Dengan demikian, pentingnya memulihkan kehidupan dan peradaban manusia yang harmoni dengan alam dalam rangka menyongsong era baru (new normal) pasca pandemi COVID-19 ini akan menjadi semangat dalam peringatan HKAN tahun 2020. Hal ini tentu sejalan dengan Hari Konservasi Alam Nasional (HKAN) sebagai momentum keteladanan dan aksi nyata memasyarakatkan konservasi alam sebagai sikap hidup dan budaya bangsa Indonesia.
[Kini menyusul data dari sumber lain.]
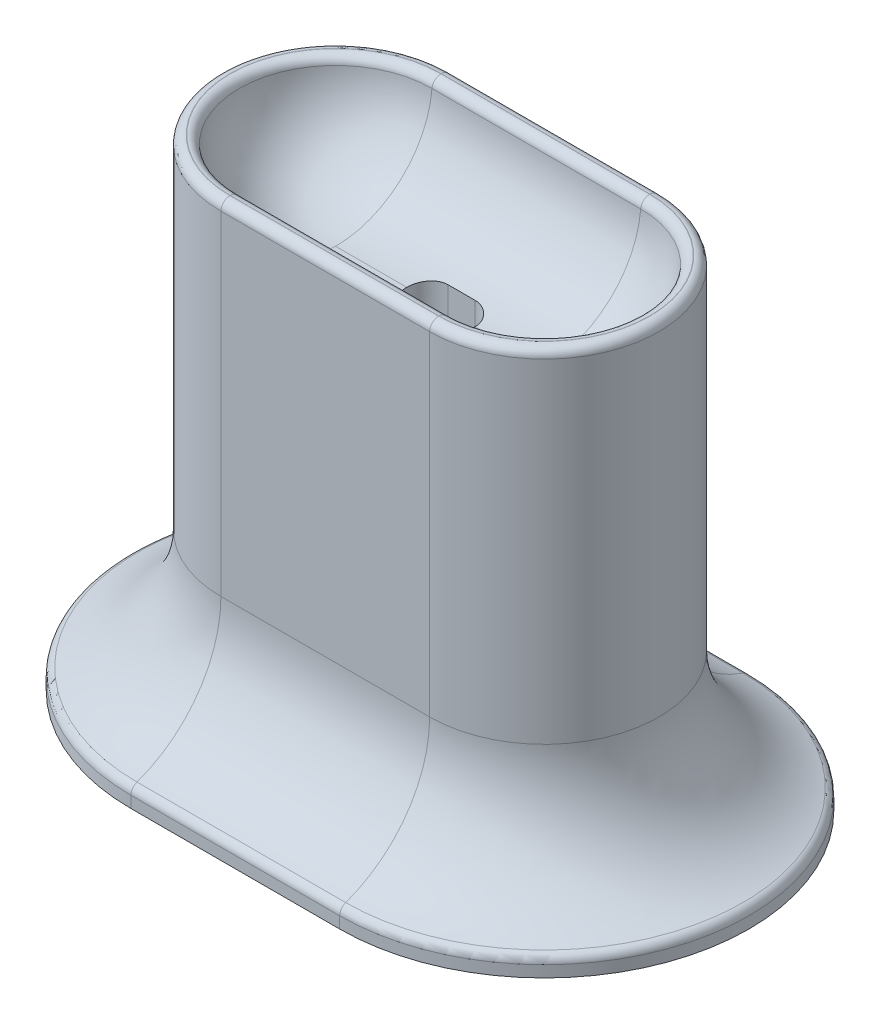
SolidWorks part; units mm, degrees
ref_plane "Front Plane" through (0, 0, 0) normal (0, 0, 1) x (1, 0, 0)
ref_plane "Top Plane" through (0, 0, 0) normal (0, 1, 0) x (1, 0, 0)
ref_plane "Right Plane" through (0, 0, 0) normal (1, 0, 0) x (0, 0, -1)
sketch "Sketch2" plane through (0, 0, 0) normal (0, 1, 0) x (1, 0, 0)
  line L0 (0, 10.75) -> (23.2, 10.75)
  line L1 (0, -10.75) -> (23.2, -10.75)
  line L2 (0, -12.75) -> (23.2, -12.75)
  line L3 (0, 12.75) -> (23.2, 12.75)
  line L4 (0, 22.75) -> (23.2, 22.75)
  line L5 (0, -22.75) -> (23.2, -22.75)
  arc A0 (0, 10.75) -> (0, -10.75) centre (0, 0) ccw
  arc A1 (23.2, -10.75) -> (23.2, 10.75) centre (23.2, 0) ccw
  arc A2 (0, 12.75) -> (0, -12.75) centre (0, 0) ccw
  arc A3 (23.2, -12.75) -> (23.2, 12.75) centre (23.2, 0) ccw
  arc A4 (23.2, -22.75) -> (23.2, 22.75) centre (23.2, 0) ccw
  arc A5 (0, 22.75) -> (0, -22.75) centre (0, 0) ccw
  dimension "D1" = 21.5
  dimension "D2" = 23.2
  dimension "D3" = 2
  dimension "D4" = 10
extrude "Boss-Extrude1" add sketch "Sketch2" along normal blind 53.5 contours L2 A3 L3 A2 A1 L1 A0 L0 region at (-12.2003, 0, 0)
extrude "Boss-Extrude2" add sketch "Sketch2<3>" against normal blind 10 from offset 42.75 contours L1 A1 L0 A0 region at (11.6, 0, 0)
sketch "Sketch2<3>" plane through (0, 0, 0) normal (0, 1, 0) x (1, 0, 0) same geometry as "Sketch2"
extrude "Boss-Extrude3" add sketch "Sketch2<4>" along normal blind 2 contours L4 A5 L5 A4 A3 L2 A2 L3 region at (11.6, 0, -21.926)
sketch "Sketch2<4>" plane through (0, 0, 0) normal (0, 1, 0) x (1, 0, 0) same geometry as "Sketch2"
fillet "Fillet1" radius 10.75 4 edges at (11.6, 42.75, -10.75) (33.95, 42.75, 0) (11.6, 42.75, 10.75) (-10.75, 42.75, 0)
fillet "Fillet2" radius 14 4 edges at (-12.75, 2, 0) (11.6, 2, -12.75) (35.95, 2, 0) (11.6, 2, 12.75)
fillet "Fillet3" radius 1 12 edges at (-22.75, 2, 0) (11.6, 2, 22.75) (45.95, 2, 0) (-10.75, 53.5, 0) (11.6, 53.5, 10.75) (33.95, 53.5, 0) (-12.75, 53.5, 0) (11.6, 53.5, 12.75) (35.95, 53.5, 0) (11.6, 2, -22.75) (11.6, 53.5, -10.75) (11.6, 53.5, -12.75)
sketch "Sketch3" plane through (0, 32.75, 0) normal (0, -1, 0) x (1, 0, 0)
  line L0 (10.2, 2.3) -> (13.2, 2.3)
  line L1 (10.2, -2.3) -> (13.2, -2.3)
  arc A0 (10.2, 2.3) -> (10.2, -2.3) centre (10.2, 0) ccw
  arc A1 (13.2, -2.3) -> (13.2, 2.3) centre (13.2, 0) ccw
  arc A2 (23.2, -10.75) -> (23.2, 10.75) centre (23.2, 0) ccw construction
  point P1 (15.5, 0)
  point P10 (33.95, 0)
  dimension "D1" = 4.6
  dimension "D2" = 3
  dimension "D3" = 18.45
extrude "Cut-Extrude1" cut sketch "Sketch3" against normal through all both and the other way through all
sketch "Sketch4" plane through (0, 0, -10.75) normal (0, 0, 1) x (1, 0, 0)
  line L0 (0, 2.2171) -> (23.2, 2.2171) construction
  line L3 (10.6, 1.099) -> (10.6, 0)
  line L4 (12.6, 1.099) -> (12.6, 0)
  line L7 (10.6, 0) -> (12.6, 0)
  arc A0 (12.6, 1.099) -> (10.6, 1.099) centre (11.6, 2.2171) ccw
  dimension "D1" = 3
extrude "Cut-Extrude2" cut sketch "Sketch4" against normal through all
fillet "Fillet4" radius 0.5 5 edges at (12.6869, 1.1833, -22.75) (13.0478, 1.8246, -22.5849) (10.5131, 1.1833, -22.75) (10.1531, 1.8214, -22.5871) (11.6985, 3.7138, -19.0656)

Kemudian, pemerintah telah mengeluarkan berbagai aturan dan kebijakan untuk melestarikan sumber daya alam yang menjadi penunjang kehidupan kita ini. Namun tentunya aturan dan kebijakan tersebut hanya akan berhasil mencapai tujuannya jika didukung dan dilaksanakan secara sungguh-sungguh, dengan memposisikan kita semua sebagai agen moral.

“Pemerintah juga melakukan upaya mendorong partisipasi masyarakat dalam konservasi sumber daya alam dengan memberikan apresiasi kepada individu maupun kelompok masyarakat melalui pemberian Anugerah Konservasi Alam.
Pemberian anugerah Konservasi Alam ini sejatinya adalah amanah bagi penerimanya untuk terus berkarya bagi lingkungan hidup, kehutanan dan kegiatan konservasi satwa dan tumbuhan. Kegiatan dan karya mereka yang telah memberikan dampak nyata bagi peningkatan ekologi, sosial dan ekonomi perlu dikembangkan dan direplikasi sebagai daya ungkit untuk mendorong inisiatif dari individu dan kelompok masyarakat lainnya untuk berperan aktif dalam melakukan kegiatan konservasi dan pelestarian sumber daya alam,” pesan Menteri Siti.

Untuk itu pada kesempatan yang baik ini saya mengajak saudara-saudara semua untuk mari bersama-sama melakukan konservasi alam. Konservasi alam tidak hanya sebatas di kawasan konservasi.

“Karena itu mari kita mulai dari lingkungan kita masing-masing melalui hal-hal yang paling sederhana seperti tidak membuang sampah sembarangan, menjaga kebersihan sungai, mengendalikan sampah plastik, menanam pohon, dan lain sebagainya. Kita jadikan konservasi alam sebagai bagian dari sikap hidup kita sehari-hari agar selanjutnya berkembang menjadi budaya bangsa yang dapat kita wariskan kepada generasi-generasi penerus kita,” ajaknya Menteri LHK, Siti Nurbaya.